All told, natural gas prices are probably not going to realize sustained gains in the current decade so there is little chance to realign the dispatch stack. Based on our analysis, we expect the industry will look back on 2020 and refer to the current transition as “fuel-switched” instead the more transient “fuel switching” now employed. The more interesting question to ponder is whether the argument of really cheap fuel is sufficient to extend the moment in the sun for U.S. natural gas plants for the next 10 years.
1 Stanford Institute for Economic Policy Research, What is Killing the U.S. Coal Industry, March 2017.
2 The Wall Street Journal, Coal’s Moment in the Sun, Courtesy of Natural Gas — As natural gas prices continue to rise, coal’s share of electricity generation is expected to tick up in 2021, 6 September 2020. The article clarifies, “those rallies weren’t as sticky as analysts predict this one will be” and were never enough to shift the annual share of electricity away toward coal.
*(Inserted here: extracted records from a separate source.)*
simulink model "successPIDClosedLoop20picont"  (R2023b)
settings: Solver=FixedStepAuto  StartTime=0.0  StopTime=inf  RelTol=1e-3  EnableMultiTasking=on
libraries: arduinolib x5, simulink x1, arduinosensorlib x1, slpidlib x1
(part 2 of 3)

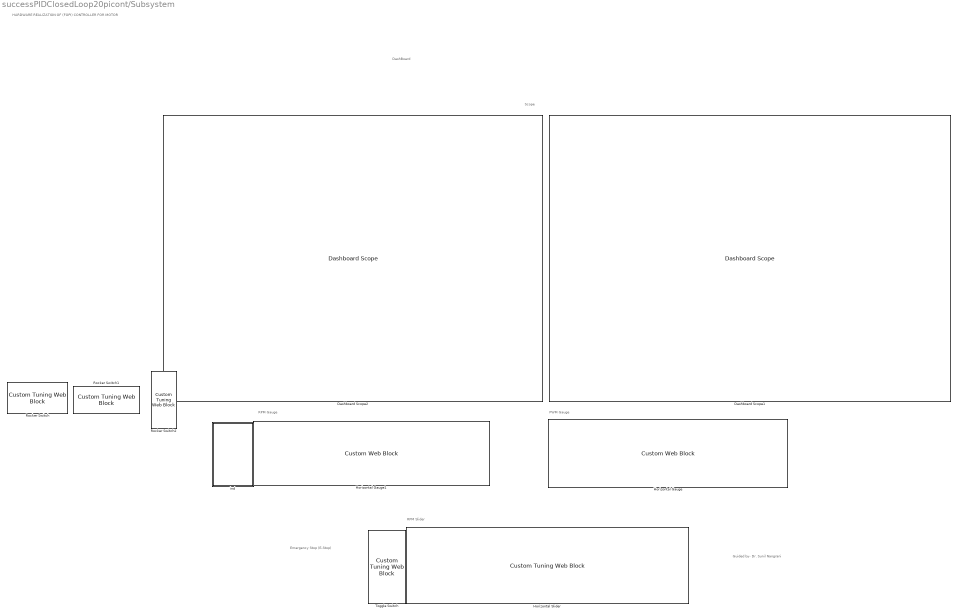
== system successPIDClosedLoop20picont/Subsystem ==
  note: PWM Gauge
  note: RPM Slider
  note: RPM Gauge
  note: Emergency Stop (E-Stop)
  note: DashBoard
  note: Scope
  note: Guided by-
      | Dr. Sunil Nangrani
  note: HARDWARE REALIZATION OF (FOPI) CONTROLLER FOR MOTOR
  Dashboard Scope1 : DashboardScope  UpdateMode=Scroll
  Dashboard Scope2 : DashboardScope  UpdateMode=Scroll
  Horizontal Gauge : CustomWebBlock  LabelPosition=Hide  ShowInitialText=on  Configuration="{\"components\":[{\"name\":\"LinearScaleComponent\",\"settings\":{\"bounds\":{\"max\":1000,\"min\":0,\"tickInterval\":\"auto\"},\"internalTickHeightScaleFactor\":0.5,\"labelColor\":[255,255,200],\"labelFont\":{\"font\":\"Arial\",\"fontSize\":12},\"labelOffset\":0.05,\"labelTransparency\":1,\"needleImage\":{\"size\":[21,75],\"src\":\"data:image\\/svg+xml;base64,PHN2ZyB4bWxucz0iaHR0cDovL3d3dy53My5vcmcvMjAwMC9zdmciIHhtbG5zOnhsaW5rPSJodHRwOi8vd3d3LnczLm9yZy8xOTk5L3hsaW5rIiB2aWV3Qm94PSIwIDAgMjEgNzUiPjxkZWZzPjxzdHlsZT4uY2xzLTF7ZmlsbDpub25lO30uY2xzLTJ7aXNvbGF0aW9uOmlzb2xhdGU7fS5jbHMtM3tjbGlwLXBhdGg6dXJsKCNjbGlwLXBhdGgpO30uY2xzLTR7b3BhY2l0eTowLjM7bWl4LWJsZW5kLW1vZGU6bXVsdGlwbHk7fS5jbHMtNXtmaWxsOiNlYjI2Mjk7fTwvc3R5bGU+PGNsaXBQYXRoIGlkPSJjbGlwLXBhdGgiIHRyYW5zZm9y ...(+1928 chars)\",\"srcOrientation\":\"Right\"},\"needleOffset\":[0.046142754145638065,0.04208955223880597],\"needleSize\":{\"height\":0.7998846597462514,\"width\":0.12797982885085574},\"position\":[0.06969246031746032,0.01995798319327731,0.9641544117647058,0.7998511904761905],\"referencePoint\":\"auto\",\"scaleColors\":[],\"scaleColorsSize\":0.2,\"scaleDirection\":\"LR\",\"showLabels\":1,\"showMinorTicks\":0,\"showSpanLine\":1,\"showTicks\":1,\"tickColor\":[252,252,197],\"tickTransparency\":1,\"valueBarColor\":[23,89,176],\"valueBarOffset\":0,\"valueBarSize\":0.23,\"valueBarTransparency\":1}},{\"name\":\"BackgroundImageComponent\",\"settings\":{\"image\":{\"size\":[380,101],\"src\":\"data:image\\/svg+xml;base64,PHN2ZyBpZD0iZnJhbWUiIHhtbG5zPSJodHRwOi8vd3d3LnczLm9yZy8yMDAwL3N2ZyIgeG1sbnM6eGxpbms9Imh0dHA6Ly93d3cudzMub3JnLzE5OTkveGxpbmsiIHZpZXdCb3g9IjAgMCAzODAgMTAxIj48ZGVmcz48c3R5bGU+LmNscy0xe2ZpbGw6IzAwMmI0Mjt9LmNscy0ye2ZpbGw6IzQyNzA4Mjt9LmNscy0ze2ZpbGw6dXJsKCNyYWRpYWwtZ3JhZGllbnQpO308L3N0eWxlPjxyYWRpYWxHcmFkaWVudCBpZD0icmFkaWFsLWdyYWRpZW50IiBjeD0iMTkwIiBjeT0iNTAuNSIgcj0iMjY5LjIxIiBncmFkaWVudFVuaXRzPSJ1c2VyU3BhY2VPblVzZSI+PHN0b3Agb2Zmc2V0PSIwLjAxIiBzdG9wLWNvbG9yPSIjM2U0ZjU4Ii8+PHN0b3Agb2Zmc2V0PSIwLjA2IiBzdG9wLWNvbG9yPSIjNDQ1NzYxIi8+PHN0b3Agb2Zmc2V0PSIwLjE1IiBzdG9wLWNvbG9yPSIjNTU2YTc2Ii8+PHN0b3Agb2Zmc2V0PSIwLjI1IiBzdG9wLWNvbG9yPSIjNmQ4ODk1Ii8+PHN0b3Agb2Zmc2V0PSIwLjM4IiBzdG9wLWNvbG9yPSIjOGZiMmMzIi8+PHN0b3Agb2Zmc2V0PSIwLjUyIiBzdG9wLWNvbG9yPSIjYjZlNGZhIi8+PHN0b3Agb2Zmc2V0PSIxIiBzdG9wLWNvbG9yPSIjMTU0NjU3Ii8+PC9yYWRpYWxHcmFkaWVudD48L2RlZnM+PGcgaWQ9IkxheWVyXzIiIGRhdGEtbmFtZT0iTGF5ZXIgMiI+PGcgaWQ9IkxheWVyXzEtMiIgZGF0YS1uYW1lPSJMYXllciAxLTIiPjxyZWN0IGlkPSJyZWN0MTAzNiIgY2xhc3M9ImNscy0xIiB4PSIxMSIgeT0iMTEiIHdpZHRoPSIzNTgiIGhlaWdodD0iNzkiLz48cGF0aCBpZD0icGF0aDEwMzgiIGNsYXNzPSJjbHMtMiIgZD0iTTgsOFY5M0gzNzJWOFpNMzY5LDkwSDExVjExSDM2OVoiLz48cGF0aCBpZD0icGF0aDEwNDAiIGNsYXNzPSJjbHMtMyIgZD0iTTAsMFYxMDFIMzgwVjBaTTM3Miw5M0g4VjhIMzcyWiIvPjwvZz48L2c+PC9zdmc+\",\"srcOrientation\":\"horizontal\"},\"position\":[0,0,1,1],\"scaleMode\":\"0\"}},{\"name\":\"ForegroundImageComponent\",\"settings\":{\"image\":{\"size\":[0,0],\"src\":\"default\",\"srcOrientation\":[]},\"isForeground\":1,\"position\":[0,0,1,1],\"scaleMode\":\"0\"}}],\"settings\":{\"BindingType\":\"signal\",\"backgroundColor\":[0,0,0,\"1\"],\"backgroundOffset\":0,\"backgroundOpacity\":1,\"fixedAspectRatio\":\"on\",\"orientation\":\"horizontal\",\"showBackgroundColor\":false,\"value\":0,\"version\":\"R2023a\"},\"type\":\"LinearGauge\"}"
  Horizontal Gauge1 : CustomWebBlock  LabelPosition=Hide  ShowInitialText=on  Configuration="{\"components\":[{\"name\":\"LinearScaleComponent\",\"settings\":{\"bounds\":{\"max\":1000,\"min\":0,\"tickInterval\":\"auto\"},\"internalTickHeightScaleFactor\":0.5,\"labelColor\":[255,255,200],\"labelFont\":{\"font\":\"Arial\",\"fontSize\":12},\"labelOffset\":0.05,\"labelTransparency\":1,\"needleImage\":{\"size\":[21,75],\"src\":\"data:image\\/svg+xml;base64,PHN2ZyB4bWxucz0iaHR0cDovL3d3dy53My5vcmcvMjAwMC9zdmciIHhtbG5zOnhsaW5rPSJodHRwOi8vd3d3LnczLm9yZy8xOTk5L3hsaW5rIiB2aWV3Qm94PSIwIDAgMjEgNzUiPjxkZWZzPjxzdHlsZT4uY2xzLTF7ZmlsbDpub25lO30uY2xzLTJ7aXNvbGF0aW9uOmlzb2xhdGU7fS5jbHMtM3tjbGlwLXBhdGg6dXJsKCNjbGlwLXBhdGgpO30uY2xzLTR7b3BhY2l0eTowLjM7bWl4LWJsZW5kLW1vZGU6bXVsdGlwbHk7fS5jbHMtNXtmaWxsOiNlYjI2Mjk7fTwvc3R5bGU+PGNsaXBQYXRoIGlkPSJjbGlwLXBhdGgiIHRyYW5zZm9y ...(+1928 chars)\",\"srcOrientation\":\"Right\"},\"needleOffset\":[0.046142754145638065,0.04208955223880597],\"needleSize\":{\"height\":0.7998846597462514,\"width\":0.12797982885085574},\"position\":[0.06969246031746032,0.01995798319327731,0.9641544117647058,0.7998511904761905],\"referencePoint\":\"auto\",\"scaleColors\":[],\"scaleColorsSize\":0.2,\"scaleDirection\":\"LR\",\"showLabels\":1,\"showMinorTicks\":0,\"showSpanLine\":1,\"showTicks\":1,\"tickColor\":[252,252,197],\"tickTransparency\":1,\"valueBarColor\":[23,89,176],\"valueBarOffset\":0,\"valueBarSize\":0.23,\"valueBarTransparency\":1}},{\"name\":\"BackgroundImageComponent\",\"settings\":{\"image\":{\"size\":[380,101],\"src\":\"data:image\\/svg+xml;base64,PHN2ZyBpZD0iZnJhbWUiIHhtbG5zPSJodHRwOi8vd3d3LnczLm9yZy8yMDAwL3N2ZyIgeG1sbnM6eGxpbms9Imh0dHA6Ly93d3cudzMub3JnLzE5OTkveGxpbmsiIHZpZXdCb3g9IjAgMCAzODAgMTAxIj48ZGVmcz48c3R5bGU+LmNscy0xe2ZpbGw6IzAwMmI0Mjt9LmNscy0ye2ZpbGw6IzQyNzA4Mjt9LmNscy0ze2ZpbGw6dXJsKCNyYWRpYWwtZ3JhZGllbnQpO308L3N0eWxlPjxyYWRpYWxHcmFkaWVudCBpZD0icmFkaWFsLWdyYWRpZW50IiBjeD0iMTkwIiBjeT0iNTAuNSIgcj0iMjY5LjIxIiBncmFkaWVudFVuaXRzPSJ1c2VyU3BhY2VPblVzZSI+PHN0b3Agb2Zmc2V0PSIwLjAxIiBzdG9wLWNvbG9yPSIjM2U0ZjU4Ii8+PHN0b3Agb2Zmc2V0PSIwLjA2IiBzdG9wLWNvbG9yPSIjNDQ1NzYxIi8+PHN0b3Agb2Zmc2V0PSIwLjE1IiBzdG9wLWNvbG9yPSIjNTU2YTc2Ii8+PHN0b3Agb2Zmc2V0PSIwLjI1IiBzdG9wLWNvbG9yPSIjNmQ4ODk1Ii8+PHN0b3Agb2Zmc2V0PSIwLjM4IiBzdG9wLWNvbG9yPSIjOGZiMmMzIi8+PHN0b3Agb2Zmc2V0PSIwLjUyIiBzdG9wLWNvbG9yPSIjYjZlNGZhIi8+PHN0b3Agb2Zmc2V0PSIxIiBzdG9wLWNvbG9yPSIjMTU0NjU3Ii8+PC9yYWRpYWxHcmFkaWVudD48L2RlZnM+PGcgaWQ9IkxheWVyXzIiIGRhdGEtbmFtZT0iTGF5ZXIgMiI+PGcgaWQ9IkxheWVyXzEtMiIgZGF0YS1uYW1lPSJMYXllciAxLTIiPjxyZWN0IGlkPSJyZWN0MTAzNiIgY2xhc3M9ImNscy0xIiB4PSIxMSIgeT0iMTEiIHdpZHRoPSIzNTgiIGhlaWdodD0iNzkiLz48cGF0aCBpZD0icGF0aDEwMzgiIGNsYXNzPSJjbHMtMiIgZD0iTTgsOFY5M0gzNzJWOFpNMzY5LDkwSDExVjExSDM2OVoiLz48cGF0aCBpZD0icGF0aDEwNDAiIGNsYXNzPSJjbHMtMyIgZD0iTTAsMFYxMDFIMzgwVjBaTTM3Miw5M0g4VjhIMzcyWiIvPjwvZz48L2c+PC9zdmc+\",\"srcOrientation\":\"horizontal\"},\"position\":[0,0,1,1],\"scaleMode\":\"0\"}},{\"name\":\"ForegroundImageComponent\",\"settings\":{\"image\":{\"size\":[0,0],\"src\":\"default\",\"srcOrientation\":[]},\"isForeground\":1,\"position\":[0,0,1,1],\"scaleMode\":\"0\"}}],\"settings\":{\"BindingType\":\"signal\",\"backgroundColor\":[0,0,0,\"1\"],\"backgroundOffset\":0,\"backgroundOpacity\":1,\"fixedAspectRatio\":\"on\",\"orientation\":\"horizontal\",\"showBackgroundColor\":false,\"value\":0,\"version\":\"R2023a\"},\"type\":\"LinearGauge\"}"
  Horizontal Slider : CustomTuningWebBlock  LabelPosition=Hide  ShowInitialText=on  Configuration="{\"components\":[{\"name\":\"LinearScaleComponent\",\"settings\":{\"bounds\":{\"max\":1000,\"min\":0,\"tickInterval\":\"auto\"},\"internalTickHeightScaleFactor\":0.5,\"labelColor\":[255,255,200],\"labelFont\":{\"font\":\"Arial\",\"fontSize\":12},\"labelOffset\":0.05,\"labelTransparency\":1,\"needleImage\":{\"size\":[596,842],\"src\":\"data:image\\/svg+xml;base64,PD94bWwgdmVyc2lvbj0iMS4wIiBlbmNvZGluZz0idXRmLTgiPz4NCjwhLS0gR2VuZXJhdG9yOiBBZG9iZSBJbGx1c3RyYXRvciAyNS4wLjAsIFNWRyBFeHBvcnQgUGx1Zy1JbiAuIFNWRyBWZXJzaW9uOiA2LjAwIEJ1aWxkIDApICAtLT4NCjxzdmcgdmVyc2lvbj0iMS4xIg0KCSBpZD0ic3ZnOCIgeG1sbnM6Y2M9Imh0dHA6Ly9jcmVhdGl2ZWNvbW1vbnMub3JnL25zIyIgeG1sbnM6ZGM9Imh0dHA6Ly9wdXJsLm9yZy9kYy9lbGVtZW50cy8xLjEvIiB4bWxuczppbmtzY2FwZT0iaHR0cDovL3d3dy5pbmtzY2FwZS5vcmcvbmFtZXNw ...(+2420 chars)\",\"srcOrientation\":\"Right\"},\"needleOffset\":[-0.8044596912521441,-0.0642123287671233],\"needleSize\":{\"height\":0.4337797619047619,\"width\":0.07668067226890757},\"position\":[0.2829861111111111,0.04398634453781513,0.9196428571428571,0.6088789682539683],\"referencePoint\":\"auto\",\"scaleColors\":[],\"scaleColorsSize\":0.2,\"scaleDirection\":\"LR\",\"showLabels\":1,\"showMinorTicks\":0,\"showSpanLine\":1,\"showTicks\":1,\"tickColor\":[252,252,197],\"tickTransparency\":1,\"valueBarColor\":[0,114,189],\"valueBarOffset\":-0.27,\"valueBarSize\":0.1,\"valueBarTransparency\":1}},{\"name\":\"BackgroundImageComponent\",\"settings\":{\"image\":{\"size\":[380,101],\"src\":\"data:image\\/svg+xml;base64,PHN2ZyB4bWxucz0iaHR0cDovL3d3dy53My5vcmcvMjAwMC9zdmciIHhtbG5zOnhsaW5rPSJodHRwOi8vd3d3LnczLm9yZy8xOTk5L3hsaW5rIiB2aWV3Qm94PSIwIDAgMzgwIDEwMSI+PGRlZnM+PHN0eWxlPi5jbHMtMXtmaWxsOiMwMDJiNDI7fS5jbHMtMntmaWxsOiM0MjcwODI7fS5jbHMtM3tmaWxsOnVybCgjcmFkaWFsLWdyYWRpZW50KTt9LmNscy00e2ZpbGw6I2M4YzhjODtzdHJva2U6IzAwMDt9PC9zdHlsZT48cmFkaWFsR3JhZGllbnQgaWQ9InJhZGlhbC1ncmFkaWVudCIgY3g9IjE5MCIgY3k9IjUwLjUiIHI9IjI2OS4yMSIgZ3JhZGllbnRVbml0cz0idXNlclNwYWNlT25Vc2UiPjxzdG9wIG9mZnNldD0iMC4wMSIgc3RvcC1jb2xvcj0iIzNlNGY1OCIvPjxzdG9wIG9mZnNldD0iMC4wNiIgc3RvcC1jb2xvcj0iIzQ0NTc2MSIvPjxzdG9wIG9mZnNldD0iMC4xNSIgc3RvcC1jb2xvcj0iIzU1NmE3NiIvPjxzdG9wIG9mZnNldD0iMC4yNSIgc3RvcC1jb2xvcj0iIzZkODg5NSIvPjxzdG9wIG9mZnNldD0iMC4zOCIgc3RvcC1jb2xvcj0iIzhmYjJjMyIvPjxzdG9wIG9mZnNldD0iMC41MiIgc3RvcC1jb2xvcj0iI2I2ZTRmYSIvPjxzdG9wIG9mZnNldD0iMSIgc3RvcC1jb2xvcj0iIzE1NDY1NyIvPjwvcmFkaWFsR3JhZGllbnQ+PC9kZWZzPjxnIGlkPSJmcmFtZSI+PGcgaWQ9IkxheWVyXzIiIGRhdGEtbmFtZT0iTGF5ZXIgMiI+PGcgaWQ9IkxheWVyXzEtMiIgZGF0YS1uYW1lPSJMYXllciAxLTIiPjxyZWN0IGlkPSJyZWN0MTAzNiIgY2xhc3M9ImNscy0xIiB4PSIxMSIgeT0iMTEiIHdpZHRoPSIzNTgiIGhlaWdodD0iNzkiLz48cGF0aCBpZD0icGF0aDEwMzgiIGNsYXNzPSJjbHMtMiIgZD0iTTgsOFY5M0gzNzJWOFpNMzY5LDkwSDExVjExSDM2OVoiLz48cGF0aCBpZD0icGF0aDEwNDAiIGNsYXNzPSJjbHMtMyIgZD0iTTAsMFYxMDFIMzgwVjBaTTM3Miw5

3 See EIA Short-term Energy Outlook, 8 December 2020.
Disclaimer: The information provided in this report is not intended to be investment, tax, or legal advice and should not be relied upon by recipients for such purposes. The information contained in this report has been compiled from what CoBank regards as reliable sources. However, CoBank does not make any representation or warranty regarding the content, and disclaims any responsibility for the information, materials, third-party opinions, and data included in this report. In no event will CoBank be liable for any decision made or actions taken by any person or persons relying on the information contained in this report.